Morris, Lynn; Chen, Xi; Alam, Munir; Tomaras, Georgia D.; Zhang, Ruijun; Marshall, Dawn J.; Chen, Bing; Parks, Robert; Foulger, Andrew; Jaeger, Frederick; Donathan, Michele; Bilska, Mira; Gray, Elin S.; Abdool Karim, Salim; Kepler, Thomas B.; Whitesides, John; Montefiori, David; Moody, M. Anthony; Liao, Hua-Xin; Haynes, Barton F.

Broadly neutralizing antibodies are not commonly produced in HIV-1 infected individuals nor by experimental HIV-1 vaccines. When these antibodies do occur, it is important to be able to isolate and characterize them to provide clues for vaccine design. CAP206 is a South African subtype C HIV-1-infected individual previously shown to have broadly neutralizing plasma antibodies targeting the envelope gp41 distal membrane proximal external region (MPER). We have now used a fluoresceinated peptide tetramer antigen with specific cell sorting to isolate a human neutralizing monoclonal antibody (mAb) against the HIV-1 envelope gp41 MPER. The isolated recombinant mAb, CAP206-CH12, utilized a portion of the distal MPER (HXB2 amino acid residues, 673-680) and neutralized a subset of HIV-1 pseudoviruses sensitive to CAP206 plasma antibodies.
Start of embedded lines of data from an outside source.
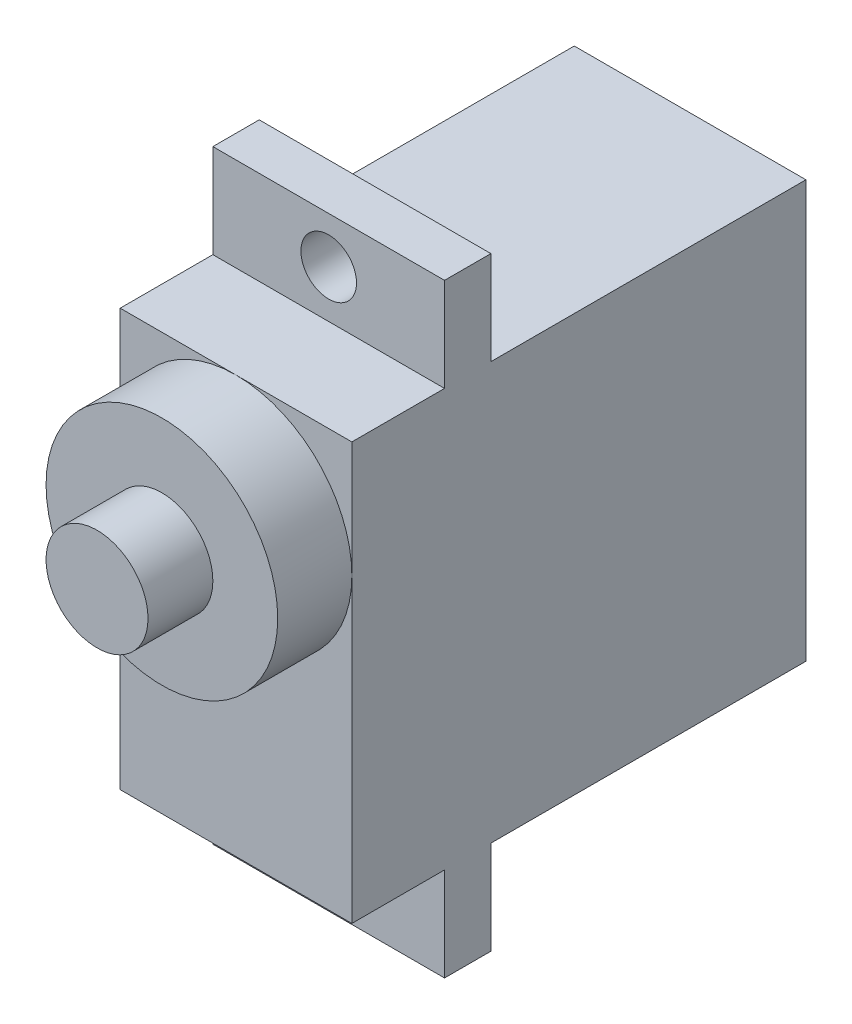
ISO-10303-21;
HEADER;
FILE_DESCRIPTION(('STEP AP214'),'2;1');
FILE_NAME('part.step','',(''),(''),'','','');
FILE_SCHEMA(('AUTOMOTIVE_DESIGN { 1 0 10303 214 1 1 1 1 }'));
ENDSEC;
DATA;
#1=APPLICATION_CONTEXT('core data for automotive mechanical design processes');
#2=APPLICATION_PROTOCOL_DEFINITION('international standard','automotive_design',2000,#1);
#3=PRODUCT_CONTEXT('',#1,'mechanical');
#4=PRODUCT('Part','Part','',(#3));
#5=PRODUCT_RELATED_PRODUCT_CATEGORY('part','',(#4));
#6=PRODUCT_DEFINITION_FORMATION('','',#4);
#7=PRODUCT_DEFINITION_CONTEXT('part definition',#1,'design');
#8=PRODUCT_DEFINITION('design','',#6,#7);
#9=PRODUCT_DEFINITION_SHAPE('','',#8);
#10=(LENGTH_UNIT() NAMED_UNIT(*) SI_UNIT(.MILLI.,.METRE.));
#11=(NAMED_UNIT(*) PLANE_ANGLE_UNIT() SI_UNIT($,.RADIAN.));
#12=(NAMED_UNIT(*) SI_UNIT($,.STERADIAN.) SOLID_ANGLE_UNIT());
#13=UNCERTAINTY_MEASURE_WITH_UNIT(LENGTH_MEASURE(1.E-05),#10,'distance_accuracy_value','');
#14=(GEOMETRIC_REPRESENTATION_CONTEXT(3) GLOBAL_UNCERTAINTY_ASSIGNED_CONTEXT((#13)) GLOBAL_UNIT_ASSIGNED_CONTEXT((#10,
#11,#12)) REPRESENTATION_CONTEXT('',''));
#15=CARTESIAN_POINT('',(0.,0.,0.));
#16=DIRECTION('',(0.,0.,1.));
#17=DIRECTION('',(1.,0.,0.));
#18=AXIS2_PLACEMENT_3D('',#15,#16,#17);
#19=CARTESIAN_POINT('',(0.,0.,24.5));
#20=DIRECTION('',(0.,0.,1.));
#21=DIRECTION('',(1.,0.,0.));
#22=AXIS2_PLACEMENT_3D('',#19,#20,#21);
#23=PLANE('',#22);
#24=DIRECTION('',(0.,1.,0.));
#25=VECTOR('',#24,1.);
#26=CARTESIAN_POINT('',(6.25,0.,24.5));
#27=LINE('',#26,#25);
#28=CARTESIAN_POINT('',(6.25,-11.25,24.5));
#29=VERTEX_POINT('',#28);
#30=CARTESIAN_POINT('',(6.25,5.,24.5));
#31=VERTEX_POINT('',#30);
#32=EDGE_CURVE('E162',#29,#31,#27,.T.);
#33=ORIENTED_EDGE('',*,*,#32,.T.);
#34=CARTESIAN_POINT('',(0.,5.,24.5));
#35=DIRECTION('',(0.,0.,1.));
#36=DIRECTION('',(1.,0.,0.));
#37=AXIS2_PLACEMENT_3D('',#34,#35,#36);
#38=CIRCLE('',#37,6.25);
#39=CARTESIAN_POINT('',(-6.25,5.,24.5));
#40=VERTEX_POINT('',#39);
#41=EDGE_CURVE('E57',#31,#40,#38,.F.);
#42=ORIENTED_EDGE('',*,*,#41,.T.);
#43=DIRECTION('',(0.,1.,0.));
#44=VECTOR('',#43,1.);
#45=CARTESIAN_POINT('',(-6.25,0.,24.5));
#46=LINE('',#45,#44);
#47=CARTESIAN_POINT('',(-6.25,-11.25,24.5));
#48=VERTEX_POINT('',#47);
#49=EDGE_CURVE('E167',#48,#40,#46,.T.);
#50=ORIENTED_EDGE('',*,*,#49,.F.);
#51=DIRECTION('',(1.,0.,0.));
#52=VECTOR('',#51,1.);
#53=CARTESIAN_POINT('',(0.,-11.25,24.5));
#54=LINE('',#53,#52);
#55=EDGE_CURVE('E172',#48,#29,#54,.T.);
#56=ORIENTED_EDGE('',*,*,#55,.T.);
#57=EDGE_LOOP('',(#33,#42,#50,#56));
#58=FACE_BOUND('',#57,.T.);
#59=ADVANCED_FACE('F41',(#58),#23,.T.);
#60=CARTESIAN_POINT('',(-6.25,11.25,24.5));
#61=VERTEX_POINT('',#60);
#62=EDGE_CURVE('E155',#40,#61,#46,.T.);
#63=ORIENTED_EDGE('',*,*,#62,.F.);
#64=CARTESIAN_POINT('',(0.,11.25,24.5));
#65=VERTEX_POINT('',#64);
#66=EDGE_CURVE('E142',#40,#65,#38,.F.);
#67=ORIENTED_EDGE('',*,*,#66,.T.);
#68=DIRECTION('',(1.,0.,0.));
#69=VECTOR('',#68,1.);
#70=CARTESIAN_POINT('',(0.,11.25,24.5));
#71=LINE('',#70,#69);
#72=EDGE_CURVE('E154',#61,#65,#71,.T.);
#73=ORIENTED_EDGE('',*,*,#72,.F.);
#74=EDGE_LOOP('',(#63,#67,#73));
#75=FACE_BOUND('',#74,.T.);
#76=ADVANCED_FACE('F152',(#75),#23,.T.);
#77=CARTESIAN_POINT('',(6.25,0.,24.5));
#78=DIRECTION('',(-1.,0.,0.));
#79=DIRECTION('',(0.,0.,1.));
#80=AXIS2_PLACEMENT_3D('',#77,#78,#79);
#81=PLANE('',#80);
#82=DIRECTION('',(0.,1.,0.));
#83=VECTOR('',#82,1.);
#84=CARTESIAN_POINT('',(6.25,0.,0.));
#85=LINE('',#84,#83);
#86=CARTESIAN_POINT('',(6.25,-11.25,0.));
#87=VERTEX_POINT('',#86);
#88=CARTESIAN_POINT('',(6.25,11.25,0.));
#89=VERTEX_POINT('',#88);
#90=EDGE_CURVE('E175',#87,#89,#85,.T.);
#91=ORIENTED_EDGE('',*,*,#90,.T.);
#92=DIRECTION('',(0.,0.,-1.));
#93=VECTOR('',#92,1.);
#94=CARTESIAN_POINT('',(6.25,11.25,17.));
#95=LINE('',#94,#93);
#96=CARTESIAN_POINT('',(6.25,11.25,17.));
#97=VERTEX_POINT('',#96);
#98=EDGE_CURVE('E210',#97,#89,#95,.T.);
#99=ORIENTED_EDGE('',*,*,#98,.F.);
#100=DIRECTION('',(0.,1.,0.));
#101=VECTOR('',#100,1.);
#102=CARTESIAN_POINT('',(6.25,0.,17.));
#103=LINE('',#102,#101);
#104=CARTESIAN_POINT('',(6.25,16.3,17.));
#105=VERTEX_POINT('',#104);
#106=EDGE_CURVE('E241',#97,#105,#103,.T.);
#107=ORIENTED_EDGE('',*,*,#106,.T.);
#108=DIRECTION('',(0.,0.,-1.));
#109=VECTOR('',#108,1.);
#110=CARTESIAN_POINT('',(6.25,16.3,19.5));
#111=LINE('',#110,#109);
#112=CARTESIAN_POINT('',(6.25,16.3,19.5));
#113=VERTEX_POINT('',#112);
#114=EDGE_CURVE('E178',#113,#105,#111,.T.);
#115=ORIENTED_EDGE('',*,*,#114,.F.);
#116=DIRECTION('',(0.,1.,0.));
#117=VECTOR('',#116,1.);
#118=CARTESIAN_POINT('',(6.25,0.,19.5));
#119=LINE('',#118,#117);
#120=CARTESIAN_POINT('',(6.25,11.25,19.5));
#121=VERTEX_POINT('',#120);
#122=EDGE_CURVE('E200',#121,#113,#119,.T.);
#123=ORIENTED_EDGE('',*,*,#122,.F.);
#124=DIRECTION('',(0.,0.,-1.));
#125=VECTOR('',#124,1.);
#126=CARTESIAN_POINT('',(6.25,11.25,24.5));
#127=LINE('',#126,#125);
#128=CARTESIAN_POINT('',(6.25,11.25,24.5));
#129=VERTEX_POINT('',#128);
#130=EDGE_CURVE('E11',#129,#121,#127,.T.);
#131=ORIENTED_EDGE('',*,*,#130,.F.);
#132=EDGE_CURVE('E159',#31,#129,#27,.T.);
#133=ORIENTED_EDGE('',*,*,#132,.F.);
#134=ORIENTED_EDGE('',*,*,#32,.F.);
#135=DIRECTION('',(0.,0.,-1.));
#136=VECTOR('',#135,1.);
#137=CARTESIAN_POINT('',(6.25,-11.25,24.5));
#138=LINE('',#137,#136);
#139=CARTESIAN_POINT('',(6.25,-11.25,19.5));
#140=VERTEX_POINT('',#139);
#141=EDGE_CURVE('E174',#29,#140,#138,.T.);
#142=ORIENTED_EDGE('',*,*,#141,.T.);
#143=DIRECTION('',(0.,1.,0.));
#144=VECTOR('',#143,1.);
#145=CARTESIAN_POINT('',(6.25,0.,19.5));
#146=LINE('',#145,#144);
#147=CARTESIAN_POINT('',(6.25,-16.3,19.5));
#148=VERTEX_POINT('',#147);
#149=EDGE_CURVE('E209',#148,#140,#146,.T.);
#150=ORIENTED_EDGE('',*,*,#149,.F.);
#151=DIRECTION('',(0.,0.,-1.));
#152=VECTOR('',#151,1.);
#153=CARTESIAN_POINT('',(6.25,-16.3,19.5));
#154=LINE('',#153,#152);
#155=CARTESIAN_POINT('',(6.25,-16.3,17.));
#156=VERTEX_POINT('',#155);
#157=EDGE_CURVE('E223',#148,#156,#154,.T.);
#158=ORIENTED_EDGE('',*,*,#157,.T.);
#159=DIRECTION('',(0.,1.,0.));
#160=VECTOR('',#159,1.);
#161=CARTESIAN_POINT('',(6.25,0.,17.));
#162=LINE('',#161,#160);
#163=CARTESIAN_POINT('',(6.25,-11.25,17.));
#164=VERTEX_POINT('',#163);
#165=EDGE_CURVE('E65',#156,#164,#162,.T.);
#166=ORIENTED_EDGE('',*,*,#165,.T.);
#167=DIRECTION('',(0.,0.,-1.));
#168=VECTOR('',#167,1.);
#169=CARTESIAN_POINT('',(6.25,-11.25,17.));
#170=LINE('',#169,#168);
#171=EDGE_CURVE('E234',#164,#87,#170,.T.);
#172=ORIENTED_EDGE('',*,*,#171,.T.);
#173=EDGE_LOOP('',(#91,#99,#107,#115,#123,#131,#133,#134,#142,#150,#158,#166,#172));
#174=FACE_BOUND('',#173,.T.);
#175=ADVANCED_FACE('F43',(#174),#81,.F.);
#176=CARTESIAN_POINT('',(-6.25,0.,24.5));
#177=DIRECTION('',(-1.,0.,0.));
#178=DIRECTION('',(0.,0.,1.));
#179=AXIS2_PLACEMENT_3D('',#176,#177,#178);
#180=PLANE('',#179);
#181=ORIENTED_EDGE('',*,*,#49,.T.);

Interestingly, this mAb was polyreactive and used the same germ-line variable heavy (VH1-69) and variable kappa light chain (VK3-20) gene families as the prototype broadly neutralizing anti-MPER mAb, 4E10 (residues 672-680). These data indicate that there are multiple immunogenic targets in the C-terminus of the MPER of HIV-1 gp41 envelope and suggests that gp41 neutralizing epitopes may interact with a restricted set of naive B cells during HIV-1 infection.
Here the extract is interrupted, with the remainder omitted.